I’m the oldest of two kids in my family. Nevertheless, I’m the only one with a disability. This makes me envy my brother in some ways. He doesn’t have a disability whatsoever, and he can drive a car—even has a job and lives on his own. There are times I wish that I didn’t have a disability whatsoever, and I could be just like him.
Regardless, my boyfriend and I are in similar situations. Unlike me, he has no siblings, only step siblings. He grew up without anyone to share secrets with. Me, I was abandoned. Though my brother is younger than me by 3 ¼ years, he wanted nothing to do with me growing up, didn’t want to help me whenever I needed it.
My personality has been influenced by this, because I feel that I’m more compassionate. Sean and I are always together—doing things like siblings do. If we fight, it’s in a playful way. Ultimately, there’s only comic sides to both of us, unless something is really bothering one or both of us. Even when that happens, we try to help one another out.
I'm a middle child (three out of six), but I was the first girl, so I got some of the special attention like a first born might.
I think having two older brothers had a lot more influence on me. If I wanted to be with my brothers (I did!), there was no crying, sulking, mamby-pamby allowed! So I lived in overalls, climbed fences, played baseball and was tough. My sister, born next, was the more feminine one, and she and I were not close growing up (despite sharing a room for 18 years!) but became close after we were both married and had kids.
Youngest of three.
"The third born is the idea person. This birth order likes to figure things out, invent things and challenge obstacles."
Cliff Isaacson The Birth Order
Я - старший
Im the youngest child and it has definatly influenced my childhood, personal beliefs/values, and the person I am today. Growing up it was just me my mom and my sister. For whatever reason (really I cant figure it out because we were very fortunate) my sister rebeled. Not the normal teenage rebellion like talking back and staying out past curfew. She joined gangs, boosted/racing cars, it seemed like every month it was something new and more dangerous. She's been arrested more times than I can count, I even remember my mom turning her in a couple times. I saw how her behavior broke my moms heart growing up. I could never understand how anyone would want to hurt my sweet, loving, supportive, and caring mother intentionally. For these reasons Ive always been the "good one". I dont drink, do drugs, Ive never skipped school and I always get good grades. I pretty much dont do anything that would break my moms heart like my sister did/does/
One of my friends texted me a while ago and said "I'm so tired of being alone..."
Too bad she picked the only child to whine to.
I don't know how to act around people. I come home from school every day and I'm usually the only one home. I'm constantly alone and I'm used to having things that way... so it's hard for me to make friends because it's so weird for me to have all these people around.
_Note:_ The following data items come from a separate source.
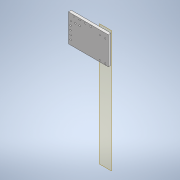
# Autodesk Inventor part: backboard
Saved by Autodesk Inventor 2022 (Build 260153000, 153)
## iProperties
Created: 2021-11-30
Part Number: backboard
Material: Generic
Document SubType Name: Modeling
Designer: efred
Density: 1 g/cm^3
Appearance: Default
Author: efred
Autodesk Inventor part; units mm, degrees
ref_plane "YZ Plane" through (0, 0, 0) normal (1, 0, 0) x (0, 1, 0)
ref_plane "XZ Plane" through (0, 0, 0) normal (0, 1, 0) x (-1, 0, 0)
ref_plane "XY Plane" through (0, 0, 0) normal (0, 0, 1) x (1, 0, 0)
ref_plane "Work Plane1" through (0, 0, 0) normal (0, 0, 1) x (1, 0, 0)
sketch "Sketch1" plane through (0, 0, 0) normal (0, 0, 1) x (1, 0, 0)
  line L0 (-28.1, 210.2) -> (-28.1, 202.1) construction
  line L1 (-28.1, 202.1) -> (-23.1, 202.1) construction
  line L2 (-23.1, 199.1) -> (-23.1, 202.1) construction
  line L3 (-23.1, 199.1) -> (-123.1, 199.1) construction
  line L4 (-123.1, 199.1) -> (-123.1, 210.2) construction
  line L5 (-28.1, 210.2) -> (-123.1, 210.2) construction
  line L6 (-23.1, -199.1) -> (-23.1, -210.2) construction
  line L7 (-23.1, -210.2) -> (-123.1, -210.2) construction
  line L8 (-123.1, -199.1) -> (-123.1, -210.2) construction
  line L9 (-23.1, -199.1) -> (-123.1, -199.1) construction
  line L10 (23, -210.2) -> (-23, -210.2) construction
  line L11 (-23, -210.2) -> (-23, -202.2) construction
  line L12 (23, -202.2) -> (-23, -202.2) construction
  line L13 (23, -210.2) -> (23, -202.2) construction
  line L14 (28, 202.2) -> (-28, 202.2) construction
  line L15 (-28, 202.2) -> (-28, 210.2) construction
  line L16 (28, 210.2) -> (-28, 210.2) construction
  line L17 (28, 202.2) -> (28, 210.2) construction
  line L18 (7.95, 199) -> (7.95, -199) construction
  line L19 (7.95, -199) -> (-7.95, -199) construction
  line L20 (-7.95, -199) -> (-7.95, 199) construction
  line L21 (-7.95, 199) -> (7.95, 199) construction
  line L22 (-11.95, 199) -> (-11.95, -199) construction
  line L23 (-11.95, -199) -> (-19.95, -199) construction
  line L24 (-19.95, -199) -> (-19.95, 199) construction
  line L25 (-19.95, 199) -> (-11.95, 199) construction
  line L26 (11.95, -199) -> (11.95, 199) construction
  line L27 (11.95, 199) -> (19.95, 199) construction
  line L28 (19.95, 199) -> (19.95, -199) construction
  line L29 (19.95, -199) -> (11.95, -199) construction
  line L30 (-123.1, 210.2) -> (19.95, 210.2)
  line L31 (19.95, 210.2) -> (19.95, 110.2)
  line L32 (19.95, 110.2) -> (-123.1, 110.2)
  line L33 (-123.1, 110.2) -> (-123.1, 210.2)
  circle A0 centre (-9.95, 115.2) radius 2.15
  circle A1 centre (9.95, 115.2) radius 2.15
  circle A2 centre (9.95, 194) radius 2.15
  circle A3 centre (-9.95, 194) radius 2.15
  line L34 (-11.95, 155.8556) -> (-7.95, 155.8556) construction
  line L35 (7.95, 155.8556) -> (11.95, 155.8556) construction
  line L36 (-9.95, 155.8556) -> (-9.95, 110.2) construction
  line L37 (9.95, 155.8556) -> (9.95, 110.2) construction
  line L38 (-89.6001, 199.1) -> (-89.6001, 210.2) construction
  line L39 (-89.6001, 204.65) -> (-123.1, 204.65) construction
  circle A4 centre (-103.1, 204.65) radius 2.65
  circle A5 centre (-83.1, 204.65) radius 2.65
  circle A6 centre (-63.1, 204.65) radius 2.65
  circle A7 centre (-43.1, 204.65) radius 2.65
  point P0 (0, 0)
extrude "Extrusion1" add sketch "Sketch1" along normal blind 10
sketch "Sketch2" plane through (0, 0, 0) normal (0, 0, -1) x (-1, 0, 0)
  circle A0 centre (83.1, 186.5) radius 2.65 construction
  circle A1 centre (98.1, 186.5) radius 2.65 construction
  circle A2 centre (113.1, 186.5) radius 2.65 construction
  circle A3 centre (83.1, 186.5) radius 2.5
  circle A4 centre (98.1, 186.5) radius 2.5
  circle A5 centre (113.1, 186.5) radius 2.5
  point P0 (0, 0)
  dimension "d20" = 5
  dimension "d21" = 5
  dimension "d22" = 5
  constraints: 3 centre point, 3 coincident
  measures "d20" diameter of A3
  measures "d21" diameter of A4
  measures "d22" diameter of A5
extrude "Extrusion2" cut sketch "Sketch2" against normal through all
sketch "Sketch3" plane through (0, 0, 10) normal (0, 0, 1) x (1, 0, 0)
  circle A0 centre (-115.6, 141.5) radius 2.65 construction
  circle A1 centre (-115.6, 156.5) radius 2.65 construction
  circle A2 centre (-115.6, 126.5) radius 2.65 construction
  circle A3 centre (-115.6, 171.5) radius 2.65 construction
  arc A4 (-111.2, 191.1249) -> (-111.2, 181.8751) centre (-113.1, 186.5) ccw construction
  line L0 (-111.2, 264.8) -> (-111.2, 191.1249) construction
  line L1 (-111.2, 264.8) -> (-223.2, 264.8) construction
  line L2 (-223.2, 105.1) -> (-223.2, 264.8) construction
  line L3 (-223.2, 105.1) -> (-111.2, 105.1) construction
  line L4 (-111.2, 181.8751) -> (-111.2, 105.1) construction
  circle A5 centre (-115.6, 171.5) radius 2.5
  circle A6 centre (-115.6, 156.5) radius 2.5
  circle A7 centre (-115.6, 141.5) radius 2.5
  circle A8 centre (-115.6, 126.5) radius 2.5
  point P0 (0, 0)
  dimension "d25" = 5
  dimension "d28" = 15
  constraints: 4 centre point, 1 coincident, 1 vertical, 6 other
  measures "d25" diameter of A5
  measures "d28" distance of A5.centre A6.centre
extrude "Extrusion3" cut sketch "Sketch3" against normal through all
equation "\"d2\" = d1"
equation "\"d3\" = d1"
equation "\"d4\" = d1"
equation "\"d6\" = d5"
equation "\"d7\" = d5"
equation "\"d8\" = d5"
equation "\"d1\" = 4.3"
equation "\"d5\" = 5"
body "Solid1"

I'm kind of a pushover too. I'll do what other people want to rather than pick what we should do myself. I'll lend out clothes to my friends when I really don't want to. I'll buy food for friends, and I'll pretend I have an opinion that I really don't just to agree with everyone. I don't want to stick out -- I just want to blend in. To belong with someone.
And in some ways, that's good. I mean, I didn't start high school with my older sibling's reputation in front of me; I got to start something by myself. But at the same time... I don't think I look at relationships the way that other people do. I can't really grasp concrete relationships -- are these really the people that I'll still talk to in ten years? Everything is temporary to me besides my parents. I'm totally prepared for a future alone, without anyone, and that kind of bums me out when I think about it.
I'm the oldest of six siblings. Yup I feel old, even though I'm not quite that old. How has being the oldest shaped me today? Well, I've always been expected to go "above and beyond" anything I do. I've been encouraged to never give up on anything I want and to always be aggressively determined in everything. When I wasn't living up to the expectation, well lets just say I always became the least favorite child. Or at least it's always felt that way to me.
When ever my younger siblings did something against the expectations, I was always the one to blame, because my "wrong" influences have somehow always tainted the young and innocent minds of my siblings.
So today, well I feel much like the outcast black lamb. most of my siblings are living up to these expectations while I, the oldest and first born, am more or less forgotten when it comes to adoring praise from family. Of course when it comes to chores, money, or even if someone needs to be used for venting frustration, well then I'm remembered. Of course, my younger siblings also get in trouble when they do things wrong.
So yeah I guess my sense of anger/resentment (whatever one wants to call it), my cloudy outlook on a lot of things can be thanked to be born first. Though I have heard the middle child goes through a lot.
I am an only child who had an only child. I think it made both of us far more independant, stubborn and self reliant.
From what I have seen of sibling rivalry and downright hatred in my extended family...I am really happy to be an only.
I am the middle child and the ONLY girl and i love it because i understand both point of views!!!